Il videomapping trasforma il campo in uno schermo: più coinvolgimento, storytelling e valore per gli sponsor. Il caso Derthona Basket e le applicazioni nello sport.
Quando il campo diventa schermo: il videomapping come nuova visual communication nello sport
Gli impianti sportivi non sono più “solo” luoghi dove si gioca: sono spazi di intrattenimento, community e contenuto. L’esperienza in arena inizia prima della palla a due, continua negli intervalli e vive anche dopo, sui social e nei contenuti video. In questo scenario la visual communication non è un elemento accessorio: è uno strumento di regia dell’attenzione, di storytelling e di valorizzazione commerciale.

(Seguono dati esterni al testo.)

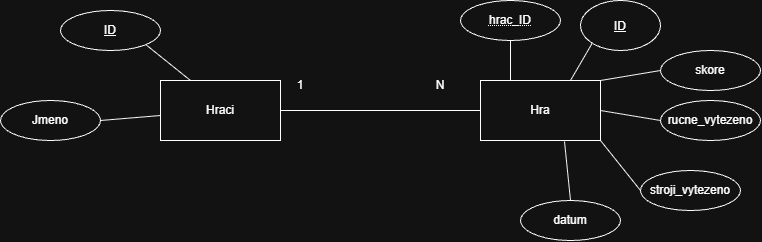

The diagram above was exported from draw.io. Its source (the exported page's mxGraphModel, read from the mxfile embedded in the PNG):
<mxGraphModel dx="1414" dy="743" grid="1" gridSize="10" guides="1" tooltips="1" connect="1" arrows="1" fold="1" page="1" pageScale="1" pageWidth="827" pageHeight="1169" math="0" shadow="0">
  <root>
    <mxCell id="0" />
    <mxCell id="1" parent="0" />
    <mxCell id="oEu8_11Sd_UtFyQv_6YM-1" parent="1" style="rounded=0;whiteSpace=wrap;html=1;" value="Hraci" vertex="1">
      <mxGeometry height="60" width="120" x="210" y="230" as="geometry" />
    </mxCell>
    <mxCell id="oEu8_11Sd_UtFyQv_6YM-3" parent="1" style="rounded=0;whiteSpace=wrap;html=1;" value="Hra" vertex="1">
      <mxGeometry height="60" width="120" x="530" y="230" as="geometry" />
    </mxCell>
    <mxCell id="oEu8_11Sd_UtFyQv_6YM-21" edge="1" parent="1" source="oEu8_11Sd_UtFyQv_6YM-6" style="edgeStyle=none;shape=connector;curved=0;rounded=0;orthogonalLoop=1;jettySize=auto;html=1;exitX=1;exitY=1;exitDx=0;exitDy=0;entryX=0.25;entryY=0;entryDx=0;entryDy=0;strokeColor=default;align=center;verticalAlign=middle;fontFamily=Helvetica;fontSize=11;fontColor=default;labelBackgroundColor=default;defaultLabelBackgroundColor=page;endArrow=none;endFill=0;" target="oEu8_11Sd_UtFyQv_6YM-1">
      <mxGeometry relative="1" as="geometry" />
    </mxCell>
    <mxCell id="oEu8_11Sd_UtFyQv_6YM-6" parent="1" style="ellipse;whiteSpace=wrap;html=1;align=center;fontStyle=4;" value="ID" vertex="1">
      <mxGeometry height="40" width="100" x="110" y="160" as="geometry" />
    </mxCell>
    <mxCell id="oEu8_11Sd_UtFyQv_6YM-22" edge="1" parent="1" source="oEu8_11Sd_UtFyQv_6YM-7" style="edgeStyle=none;shape=connector;curved=0;rounded=0;orthogonalLoop=1;jettySize=auto;html=1;exitX=0.5;exitY=1;exitDx=0;exitDy=0;entryX=0.25;entryY=0;entryDx=0;entryDy=0;strokeColor=default;align=center;verticalAlign=middle;fontFamily=Helvetica;fontSize=11;fontColor=default;labelBackgroundColor=default;defaultLabelBackgroundColor=page;endArrow=none;endFill=0;" target="oEu8_11Sd_UtFyQv_6YM-3">
      <mxGeometry relative="1" as="geometry" />
    </mxCell>
    <mxCell id="oEu8_11Sd_UtFyQv_6YM-7" parent="1" style="ellipse;whiteSpace=wrap;html=1;align=center;fontStyle=20;" value="hrac_ID" vertex="1">
      <mxGeometry height="40" width="100" x="510" y="150" as="geometry" />
    </mxCell>
    <mxCell id="oEu8_11Sd_UtFyQv_6YM-20" edge="1" parent="1" source="oEu8_11Sd_UtFyQv_6YM-8" style="shape=connector;rounded=0;orthogonalLoop=1;jettySize=auto;html=1;exitX=1;exitY=0.5;exitDx=0;exitDy=0;strokeColor=default;align=center;verticalAlign=middle;fontFamily=Helvetica;fontSize=11;fontColor=default;labelBackgroundColor=default;defaultLabelBackgroundColor=page;endArrow=none;endFill=0;curved=0;" target="oEu8_11Sd_UtFyQv_6YM-1">
      <mxGeometry relative="1" as="geometry" />
    </mxCell>
    <mxCell id="oEu8_11Sd_UtFyQv_6YM-8" parent="1" style="ellipse;whiteSpace=wrap;html=1;align=center;" value="Jmeno" vertex="1">
      <mxGeometry height="40" width="100" x="50" y="250" as="geometry" />
    </mxCell>
    <mxCell id="oEu8_11Sd_UtFyQv_6YM-23" edge="1" parent="1" source="oEu8_11Sd_UtFyQv_6YM-9" style="edgeStyle=none;shape=connector;curved=0;rounded=0;orthogonalLoop=1;jettySize=auto;html=1;exitX=0;exitY=1;exitDx=0;exitDy=0;entryX=0.75;entryY=0;entryDx=0;entryDy=0;strokeColor=default;align=center;verticalAlign=middle;fontFamily=Helvetica;fontSize=11;fontColor=default;labelBackgroundColor=default;defaultLabelBackgroundColor=page;endArrow=none;endFill=0;" target="oEu8_11Sd_UtFyQv_6YM-3">
      <mxGeometry relative="1" as="geometry" />
    </mxCell>
    <mxCell id="oEu8_11Sd_UtFyQv_6YM-9" parent="1" style="ellipse;whiteSpace=wrap;html=1;shapeInside=1;" value="&lt;u&gt;ID&lt;/u&gt;" vertex="1">
      <mxGeometry height="50" width="80" x="630" y="150" as="geometry" />
    </mxCell>
    <mxCell id="oEu8_11Sd_UtFyQv_6YM-24" edge="1" parent="1" source="oEu8_11Sd_UtFyQv_6YM-10" style="edgeStyle=none;shape=connector;curved=0;rounded=0;orthogonalLoop=1;jettySize=auto;html=1;exitX=0;exitY=0.5;exitDx=0;exitDy=0;entryX=1;entryY=0;entryDx=0;entryDy=0;strokeColor=default;align=center;verticalAlign=middle;fontFamily=Helvetica;fontSize=11;fontColor=default;labelBackgroundColor=default;defaultLabelBackgroundColor=page;endArrow=none;endFill=0;" target="oEu8_11Sd_UtFyQv_6YM-3">
      <mxGeometry relative="1" as="geometry" />
    </mxCell>
    <mxCell id="oEu8_11Sd_UtFyQv_6YM-10" parent="1" style="ellipse;whiteSpace=wrap;html=1;align=center;" value="skore" vertex="1">
      <mxGeometry height="40" width="100" x="710" y="200" as="geometry" />
    </mxCell>
    <mxCell id="oEu8_11Sd_UtFyQv_6YM-11" parent="1" style="ellipse;whiteSpace=wrap;html=1;align=center;" value="datum" vertex="1">
      <mxGeometry height="40" width="100" x="570" y="350" as="geometry" />
    </mxCell>
    <mxCell id="oEu8_11Sd_UtFyQv_6YM-26" edge="1" parent="1" source="oEu8_11Sd_UtFyQv_6YM-12" style="edgeStyle=none;shape=connector;curved=0;rounded=0;orthogonalLoop=1;jettySize=auto;html=1;exitX=0;exitY=0.5;exitDx=0;exitDy=0;entryX=1;entryY=1;entryDx=0;entryDy=0;strokeColor=default;align=center;verticalAlign=middle;fontFamily=Helvetica;fontSize=11;fontColor=default;labelBackgroundColor=default;defaultLabelBackgroundColor=page;endArrow=none;endFill=0;" target="oEu8_11Sd_UtFyQv_6YM-3">
      <mxGeometry relative="1" as="geometry" />
    </mxCell>
    <mxCell id="oEu8_11Sd_UtFyQv_6YM-12" parent="1" style="ellipse;whiteSpace=wrap;html=1;align=center;" value="stroji_vytezeno" vertex="1">
      <mxGeometry height="40" width="100" x="690" y="320" as="geometry" />
    </mxCell>
    <mxCell id="oEu8_11Sd_UtFyQv_6YM-25" edge="1" parent="1" source="oEu8_11Sd_UtFyQv_6YM-13" style="edgeStyle=none;shape=connector;curved=0;rounded=0;orthogonalLoop=1;jettySize=auto;html=1;exitX=0;exitY=0.5;exitDx=0;exitDy=0;entryX=1;entryY=0.5;entryDx=0;entryDy=0;strokeColor=default;align=center;verticalAlign=middle;fontFamily=Helvetica;fontSize=11;fontColor=default;labelBackgroundColor=default;defaultLabelBackgroundColor=page;endArrow=none;endFill=0;" target="oEu8_11Sd_UtFyQv_6YM-3">
      <mxGeometry relative="1" as="geometry" />
    </mxCell>
    <mxCell id="oEu8_11Sd_UtFyQv_6YM-13" parent="1" style="ellipse;whiteSpace=wrap;html=1;align=center;" value="rucne_vytezeno" vertex="1">
      <mxGeometry height="40" width="100" x="710" y="250" as="geometry" />
    </mxCell>
    <mxCell id="oEu8_11Sd_UtFyQv_6YM-14" edge="1" parent="1" source="oEu8_11Sd_UtFyQv_6YM-1" style="endArrow=none;html=1;rounded=0;defaultLabelBackgroundColor=page;entryX=0;entryY=0.5;entryDx=0;entryDy=0;exitX=1;exitY=0.5;exitDx=0;exitDy=0;" target="oEu8_11Sd_UtFyQv_6YM-3" value="">
      <mxGeometry height="50" relative="1" width="50" as="geometry">
        <mxPoint x="390" y="410" as="sourcePoint" />
        <mxPoint x="440" y="360" as="targetPoint" />
      </mxGeometry>
    </mxCell>
    <mxCell id="oEu8_11Sd_UtFyQv_6YM-15" parent="1" style="text;html=1;whiteSpace=wrap;strokeColor=none;fillColor=none;align=center;verticalAlign=middle;rounded=0;" value="1" vertex="1">
      <mxGeometry height="30" width="60" x="320" y="220" as="geometry" />
    </mxCell>
    <mxCell id="oEu8_11Sd_UtFyQv_6YM-16" parent="1" style="text;html=1;whiteSpace=wrap;strokeColor=none;fillColor=none;align=center;verticalAlign=middle;rounded=0;" value="N" vertex="1">
      <mxGeometry height="30" width="60" x="460" y="220" as="geometry" />
    </mxCell>
    <mxCell id="oEu8_11Sd_UtFyQv_6YM-27" edge="1" parent="1" source="oEu8_11Sd_UtFyQv_6YM-11" style="edgeStyle=none;shape=connector;curved=0;rounded=0;orthogonalLoop=1;jettySize=auto;html=1;exitX=0.5;exitY=0;exitDx=0;exitDy=0;entryX=0.7;entryY=1.017;entryDx=0;entryDy=0;entryPerimeter=0;strokeColor=default;align=center;verticalAlign=middle;fontFamily=Helvetica;fontSize=11;fontColor=default;labelBackgroundColor=default;defaultLabelBackgroundColor=page;endArrow=none;endFill=0;" target="oEu8_11Sd_UtFyQv_6YM-3">
      <mxGeometry relative="1" as="geometry" />
    </mxCell>
  </root>
</mxGraphModel>

Un esempio concreto arriva dal videomapping realizzato per Derthona Basket / Cittadella dello Sport Tortona, un progetto che trasforma “magicamente” il campo da gioco in uno schermo immersivo su cui proiettare contenuti ad alto impatto.
Il caso Derthona Basket: perché il videomapping funziona (quando ha un obiettivo chiaro)
Nel video emerge un punto centrale: il valore non sta nella tecnologia in sé, ma nel perché la si usa.
Marco Recchia descrive il progetto come il risultato di mesi di lavoro e come un intervento pensato per rendere “spettacolare” la comunicazione della squadra e della Cittadella, un impianto con respiro ampio e vocazione anche per eventi e spettacoli.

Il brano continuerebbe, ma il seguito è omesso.